■ **What to work on**: Print every line of the listing below, starting with the line that holds "Motion Controller One_D1" and going on through the line that holds "Dispatcher : Subsystem", both included, and print nothing else.

*** Opening Task input ***

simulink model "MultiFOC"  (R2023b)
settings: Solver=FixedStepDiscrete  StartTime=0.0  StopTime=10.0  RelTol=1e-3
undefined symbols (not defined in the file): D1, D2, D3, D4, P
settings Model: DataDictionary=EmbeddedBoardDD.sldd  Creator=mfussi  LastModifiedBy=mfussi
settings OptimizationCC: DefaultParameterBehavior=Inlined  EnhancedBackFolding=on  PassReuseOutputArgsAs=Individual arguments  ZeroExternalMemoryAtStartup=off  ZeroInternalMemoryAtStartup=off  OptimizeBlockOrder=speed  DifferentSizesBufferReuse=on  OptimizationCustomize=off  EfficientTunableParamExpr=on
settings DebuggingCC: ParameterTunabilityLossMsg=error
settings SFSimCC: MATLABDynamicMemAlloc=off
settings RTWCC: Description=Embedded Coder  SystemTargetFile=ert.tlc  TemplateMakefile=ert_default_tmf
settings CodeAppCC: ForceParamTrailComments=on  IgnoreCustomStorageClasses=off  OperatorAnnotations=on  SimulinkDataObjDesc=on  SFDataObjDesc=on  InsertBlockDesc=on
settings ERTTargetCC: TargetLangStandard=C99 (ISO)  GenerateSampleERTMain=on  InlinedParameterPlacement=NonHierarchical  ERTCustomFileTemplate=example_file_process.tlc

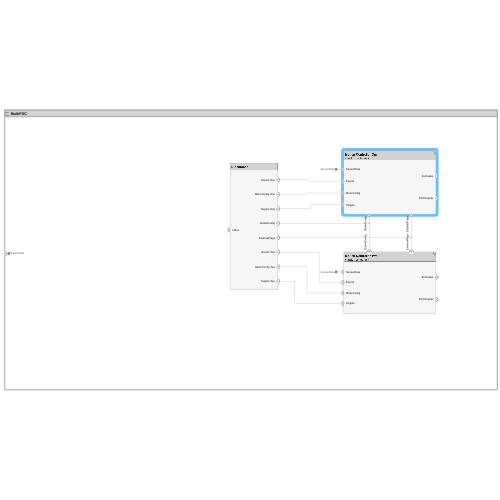
[thumbnail: Simulink's stored preview of the top-level diagram]
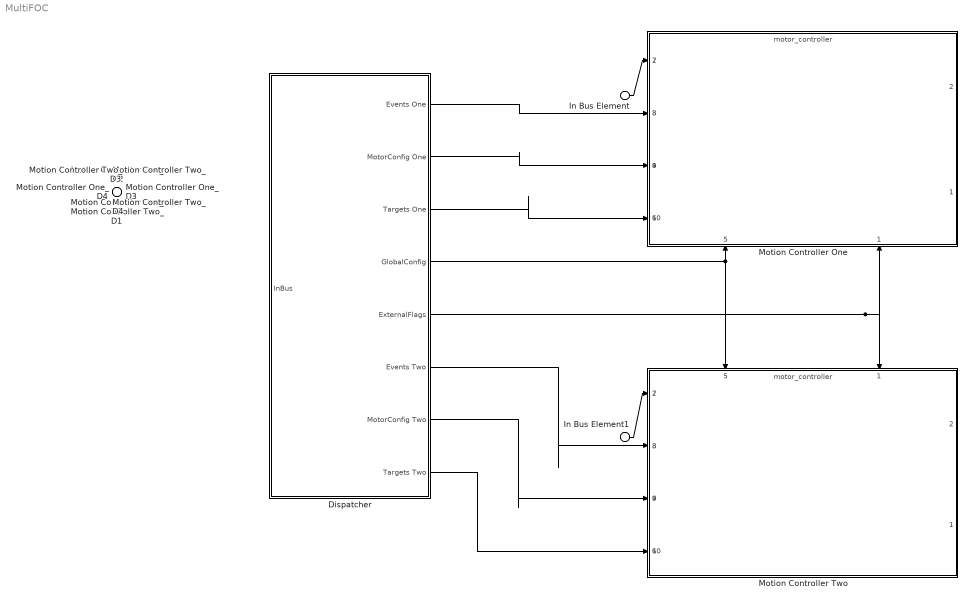
== system MultiFOC ==
  In Bus Element : Inport  PortName=SensorData
  In Bus Element1 : Inport  PortName=SensorData
  Motion Controller One_D1 : Inport  Port=2  OutputFunctionCall=on
  Motion Controller One_D2 : Inport  Port=3  OutputFunctionCall=on
  Motion Controller One_D3 : Inport  Port=4  OutputFunctionCall=on
  Motion Controller One_D4 : Inport  Port=5  OutputFunctionCall=on
  Motion Controller Two_D1 : Inport  Port=6  OutputFunctionCall=on
  Motion Controller Two_D2 : Inport  Port=7  OutputFunctionCall=on
  Motion Controller Two_D3 : Inport  Port=8  OutputFunctionCall=on
  Motion Controller Two_D4 : Inport  Port=9  OutputFunctionCall=on
  Dispatcher : Subsystem
      settings: PortSchema="{\"entries\":[{\"content\":{\"headerSize\":26,\"margin\":15,\"minimumSpacing\":25,\"sides\":[{\"content\":{\"connectorIds\":[\"In1\"]},\"type\":\"ConnectorPlacement.EquallySpacedRectSide\",\"uuid\":\"1f7f87e2-1f9b-4f9b-81b4-f2a20d6d1e5a\"},{\"content\":{\"connectorIds\":[\"Out1\",\"Out3\",\"Out5\",\"Out4\",\"Out2\",\"Out6\",\"Out7\",\"Out8\"],\"side\":\"RIGHT\"},\"type\":\"ConnectorPlacement.EquallySpacedRectSide\",\"uuid\":\"8d2207c1-aa11-40f1-ac28-76b1f5a19d47\"},{\"content\":{\"side\":\"TOP\"},\"type\":\"ConnectorPlacement.EquallySpacedRectSide\",\"uuid\":\"c1e2b4f8-7873-4bf9-83d5-cc49fa0f92db\"}]},\"type\":\"ConnectorPlacement.EquallySpacedConnector\",\"uuid\":\"6bf0649d-fad0-4b80-86c4-bbc9d6571a2e\"}],\"packageUris\":[\"http://schema.mathworks.com/mf0/Connector/R2020b\"],\"version\":\"1.0\"}"
  Motion Controller One : ModelReference  ModelNameDialog=motor_controller.slx  SimulationMode=Normal  ScheduleRates=on  CachedPortDiscreteRates=[1.1428571428571438E-6;3.65714285714286E-5;0.001;0.01]  ModelEventPortInfo=P:D1[1.1428571428571438E-6][0][0],P:D2[3.65714285714286E-5][0][0],P:D3[0.001][0][0],P:D4[0.01][0][0]  ModelReferenceVersion=2.0
      settings: PortSchema="{\"entries\":[{\"content\":{\"headerSize\":38,\"margin\":15,\"minimumSpacing\":25,\"sides\":[{\"content\":{\"connectorIds\":[\"In2\",\"In3\",\"In4\",\"In6\"]},\"type\":\"ConnectorPlacement.EquallySpacedRectSide\",\"uuid\":\"226473d0-e073-493e-8c8e-6196a9f9e149\"},{\"content\":{\"connectorIds\":[\"Out2\",\"Out1\"],\"side\":\"RIGHT\"},\"type\":\"ConnectorPlacement.EquallySpacedRectSide\",\"uuid\":\"7073cbea-f16a-4377-b922-078090dcef9d\"},{\"content\":{\"side\":\"TOP\"},\"type\":\"ConnectorPlacement.EquallySpacedRectSide\",\"uuid\":\"c3ec4a69-cf36-47e0-a219-ce59208b03e4\"},{\"content\":{\"connectorIds\":[\"In5\",\"In1\"],\"side\":\"BOTTOM\"},\"type\":\"ConnectorPlacement.EquallySpacedRectSide\",\"uuid\":\"388c9924-2125-4d02-93a5-948073c77c6f\"},{\"content\":{\"connectorIds\":[\"In7\",\"In8\",\"In9\",\"In10\"],\"side\":\"HIDDEN\"},\"type\":\"ConnectorPlacement.EquallySpacedRectSide\",\"uuid\":\"6609e07d-5850-401a-a8c3-c851c3e84a03\"}]},\"type\":\"ConnectorPlacement.EquallySpacedConnector\",\"uuid\":\"48f02d1d-6e21-4533-87ad-ecd8a4ee6157\"}],\"packageUris\":[\"http://schema.mathworks.com/mf0/Connector/R2020b\"],\"version\":\"1.0\"}"
  Motion Controller Two : ModelReference  ModelNameDialog=motor_controller.slx  SimulationMode=Normal  ScheduleRates=on  CachedPortDiscreteRates=[1.1428571428571438E-6;3.65714285714286E-5;0.001;0.01]  ModelEventPortInfo=P:D1[1.1428571428571438E-6][0][0],P:D2[3.65714285714286E-5][0][0],P:D3[0.001][0][0],P:D4[0.01][0][0]  ModelReferenceVersion=2.0
      settings: PortSchema="{\"entries\":[{\"content\":{\"headerSize\":38,\"margin\":15,\"minimumSpacing\":25,\"sides\":[{\"content\":{\"connectorIds\":[\"In2\",\"In3\",\"In4\",\"In6\"]},\"type\":\"ConnectorPlacement.EquallySpacedRectSide\",\"uuid\":\"226473d0-e073-493e-8c8e-6196a9f9e149\"},{\"content\":{\"connectorIds\":[\"Out2\",\"Out1\"],\"side\":\"RIGHT\"},\"type\":\"ConnectorPlacement.EquallySpacedRectSide\",\"uuid\":\"7073cbea-f16a-4377-b922-078090dcef9d\"},{\"content\":{\"connectorIds\":[\"In5\",\"In1\"],\"side\":\"TOP\"},\"type\":\"ConnectorPlacement.EquallySpacedRectSide\",\"uuid\":\"c3ec4a69-cf36-47e0-a219-ce59208b03e4\"},{\"content\":{\"connectorIds\":[\"In7\",\"In8\",\"In9\",\"In10\"],\"side\":\"HIDDEN\"},\"type\":\"ConnectorPlacement.EquallySpacedRectSide\",\"uuid\":\"6609e07d-5850-401a-a8c3-c851c3e84a03\"}]},\"type\":\"ConnectorPlacement.EquallySpacedConnector\",\"uuid\":\"48f02d1d-6e21-4533-87ad-ecd8a4ee6157\"}],\"packageUris\":[\"http://schema.mathworks.com/mf0/Connector/R2020b\"],\"version\":\"1.0\"}"
  wires:
  Dispatcher/1(Events One) -> Motion Controller One/3
  In Bus Element/1 -> Motion Controller One/2
  Dispatcher/3(MotorConfig One) -> Motion Controller One/4
  Dispatcher/5(Targets One) -> Motion Controller One/6
  Dispatcher/2(ExternalFlags) -> Motion Controller Two/1, Motion Controller One/1
  Dispatcher/4(GlobalConfig) -> Motion Controller Two/5, Motion Controller One/5
  Dispatcher/7(MotorConfig Two) -> Motion Controller Two/4
  Dispatcher/6(Events Two) -> Motion Controller Two/3
  In Bus Element1/1 -> Motion Controller Two/2
  Dispatcher/8(Targets Two) -> Motion Controller Two/6

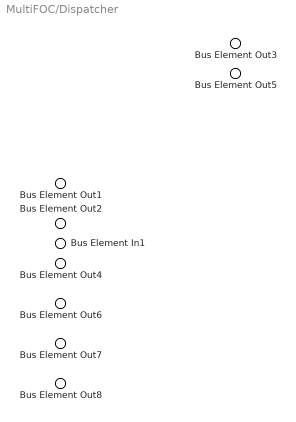
== system MultiFOC/Dispatcher ==
  Bus Element In1 : Inport  PortName=InBus
  Bus Element Out5 : Outport  PortName=Events One
  Bus Element Out1 : Outport  Port=2  PortName=ExternalFlags
  Bus Element Out3 : Outport  Port=3  PortName=MotorConfig One
  Bus Element Out2 : Outport  Port=4  PortName=GlobalConfig
  Bus Element Out4 : Outport  Port=5  PortName=Targets One
  Bus Element Out6 : Outport  Port=6  PortName=Events Two
  Bus Element Out7 : Outport  Port=7  PortName=MotorConfig Two
  Bus Element Out8 : Outport  Port=8  PortName=Targets Two

*** Closing Task input ***

■ **Solution to this problem**:
  Motion Controller One_D1 : Inport  Port=2  OutputFunctionCall=on
  Motion Controller One_D2 : Inport  Port=3  OutputFunctionCall=on
  Motion Controller One_D3 : Inport  Port=4  OutputFunctionCall=on
  Motion Controller One_D4 : Inport  Port=5  OutputFunctionCall=on
  Motion Controller Two_D1 : Inport  Port=6  OutputFunctionCall=on
  Motion Controller Two_D2 : Inport  Port=7  OutputFunctionCall=on
  Motion Controller Two_D3 : Inport  Port=8  OutputFunctionCall=on
  Motion Controller Two_D4 : Inport  Port=9  OutputFunctionCall=on
  Dispatcher : Subsystem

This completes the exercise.